The Sparse Frontier benchmark separates tasks into groups and reports sparsity tolerance per group. The variation is dramatic. Single-QA tasks (QuALITY, SQuAD, TOEFL) tolerate sparsity 0.95 — running at a 1/20 attention budget with minimal degradation across all six methods evaluated. Multiple-QA tasks (Ruler NIAH, Story Retrieval) show substantial degradation at sparsity 0.8–0.9 (1/5 to 1/10 budget). Tasks with high scope or high information dispersion degrade even at modest sparsity (0.5–0.67) for some methods.

The pattern is structural. Single-QA tasks let a small subset of attention heads handle the entire reasoning load — find the relevant span, attend to it, generate the answer. The model can drop 95% of attention computation because only a few tokens were going to do the work anyway. Multi-hop tasks require attention to multiple regions and to the relationships between them.
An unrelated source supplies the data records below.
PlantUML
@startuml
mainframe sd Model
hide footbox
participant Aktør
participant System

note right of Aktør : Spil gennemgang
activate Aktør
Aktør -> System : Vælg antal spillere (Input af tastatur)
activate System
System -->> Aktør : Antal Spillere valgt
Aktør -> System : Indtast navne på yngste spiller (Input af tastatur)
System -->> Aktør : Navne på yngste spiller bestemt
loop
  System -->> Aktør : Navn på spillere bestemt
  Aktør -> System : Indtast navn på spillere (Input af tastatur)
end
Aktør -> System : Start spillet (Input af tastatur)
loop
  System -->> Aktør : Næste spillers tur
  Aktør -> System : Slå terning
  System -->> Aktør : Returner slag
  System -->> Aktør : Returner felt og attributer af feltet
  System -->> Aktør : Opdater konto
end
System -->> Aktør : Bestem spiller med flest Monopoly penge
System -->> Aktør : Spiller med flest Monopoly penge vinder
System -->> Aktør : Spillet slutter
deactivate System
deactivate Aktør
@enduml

Each hop is a place where attention sparsification can lose the thread. Aggregation tasks require attention to many tokens whose individual contribution is small but whose collective signal is the answer. Dropping any of them is costly because no single retained token compensates.

The deployment risk this surfaces is concrete: a sparse-attention method that benchmarks well on single-QA may fail dramatically on multi-hop reasoning. Reporting sparsity tolerance only on easy tasks overstates how much sparsity is safe in production where task mix is heterogeneous. Robust deployment requires testing across diverse task characteristics — particularly across the scope (how many distinct facts the answer requires) and dispersion (how spread out those facts are in context) axes.

For builders, this argues against headline sparsity claims. "Our method runs at 95% sparsity" is true on QuALITY and misleading on aggregation. The relevant question is "what is the safe sparsity for the task mix we're deploying against?" — and the answer varies by deployment, not just by method.

The methodological consequence for benchmark designers: sparsity-tolerance benchmarks need to span scope and dispersion, not just topical diversity. A benchmark suite covering only single-QA tasks will reward methods that fail in production.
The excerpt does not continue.